I'm trying to solve the next problem: Let $f$ be continuous on $\left[0,a\right]$. For $x\in\left[0,a\right]$ define $f_{0}\left(x\right)=f\left(x\right)$ and $f_{n+1}\left(x\right)=\frac{1}{n!}\int_{0}^{x}\left(x-t\right)^{n}f\left(t\right)dt$ for $n\in\mathbb{N}$. Prove that $n$th derivative of $f_{n}$ exists and is equal to $f$.

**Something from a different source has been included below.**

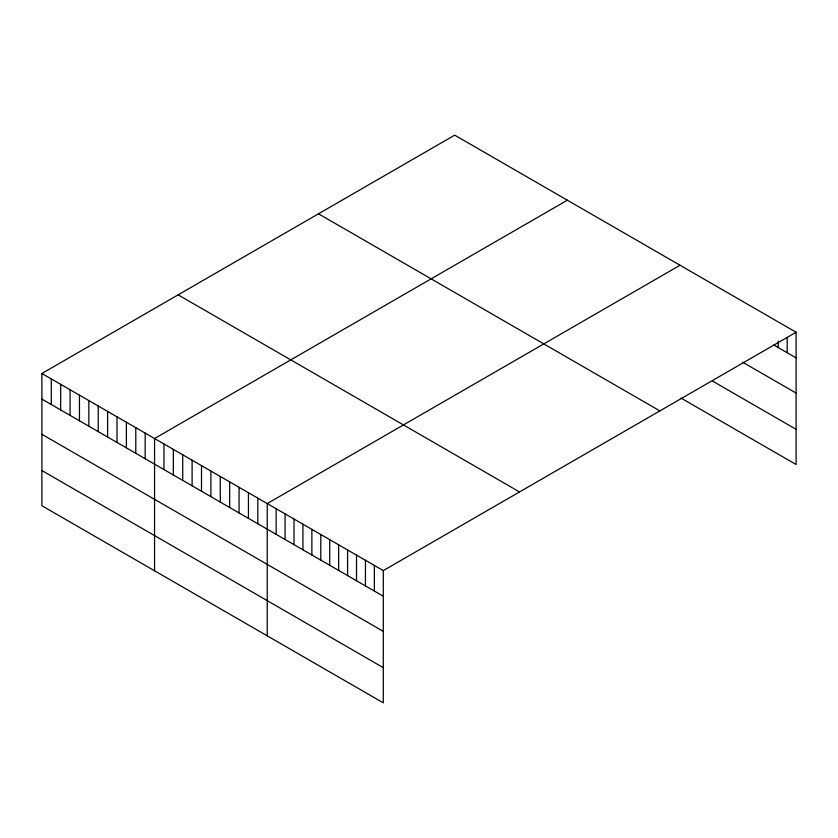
<?xml version="1.0" encoding="UTF-8"?>
<svg xmlns="http://www.w3.org/2000/svg" width="838" height="838" viewBox="0 0 838 838"><rect width="100%" height="100%" fill="white"/><g stroke="black" fill="none" stroke-linecap="round" stroke-linejoin="round"><path stroke-width="1.26" d="M41.9 373.486L383.301 570.594L383.301 702.841L41.9 505.743L41.9 373.486L454.699 135.159L796.1 332.257L796.1 464.514L681.137 398.144M567.368 200.198L154.559 438.525L154.559 570.783M680.027 265.248L267.228 503.575L267.228 635.833M383.301 570.594L796.1 332.257M773.778 344.984L796.1 357.878M742.531 362.131L796.1 393.064M712.394 380.997L796.1 429.328M318.482 213.805L659.873 410.913M178.127 294.84L519.518 491.937M41.9 399.098L383.301 596.206M41.9 434.294L383.301 631.391M41.9 470.547L383.301 667.656M787.175 337.347L787.175 352.725M778.24 341.16L778.24 347.561M374.366 565.43L374.366 591.052M365.441 560.276L365.441 585.898M356.517 555.123L356.517 580.734M347.581 549.969L347.581 575.58M338.657 544.815L338.657 570.427M329.722 539.662L329.722 565.273M320.797 534.508L320.797 560.119M311.872 529.354L311.872 554.966M302.937 524.19L302.937 549.812M294.012 519.036L294.012 544.658M285.077 513.883L285.077 539.494M276.152 508.729L276.152 534.34M257.832 498.149L257.832 523.771M248.446 492.734L248.446 518.345M239.06 487.318L239.06 512.929M229.664 481.892L229.664 507.503M220.279 476.476L220.279 502.088M210.893 471.05L210.893 496.662M201.508 465.635L201.508 491.246M192.112 460.209L192.112 485.831M182.726 454.793L182.726 480.404M173.34 449.367L173.34 474.989M163.955 443.951L163.955 469.563M145.173 433.11L145.173 458.721M135.787 427.694L135.787 453.306M126.391 422.268L126.391 447.88M117.006 416.853L117.006 442.464M107.62 411.427L107.62 437.038M98.235 406.011L98.235 431.622M88.838 400.585L88.838 426.196M79.453 395.169L79.453 420.781M70.067 389.743L70.067 415.365M60.682 384.328L60.682 409.939M51.286 378.902L51.286 404.524"/></g></svg>

Using the Leibniz's integral rule is easy to see that $f_{n}'=f_{n-1}$ and with this we obtain that $f_{n}^{\left(n\right)}=f$ for $n\in\mathbb{N}$. But for this rule are used partial derivatives so I think that may be I can't use that, because we haven't seen this in Riemann integral. I also tried to do it using integration by parts. Since $f$ is continuous then $f$ has a primitve $F\left(x\right)=\int_{0}^{x}f\left(t\right)dt$. Then integrating by parts I obtained that
$$f_{n+1}\left(x\right)=\frac{1}{\left(n-1\right)!}\int_{0}^{x}\left(x-t\right)^{n-1}F\left(t\right)dt. $$
The last equality seems some related with $f_{n}$ but I don't know how to differentiate this expression using only fundamental theorem of calculus or I don't know if there is another way to do the problem. Could you help me?
Thanks!
Proceed by induction on $n$. For the inductive step, applying the inductive hypothesis to your result from integration by parts, we get $f_{n+1}^{(n)}(x) = F(x)$, so $f_{n+1}^{(n+1)}(x) = F'(x) = f(x)$.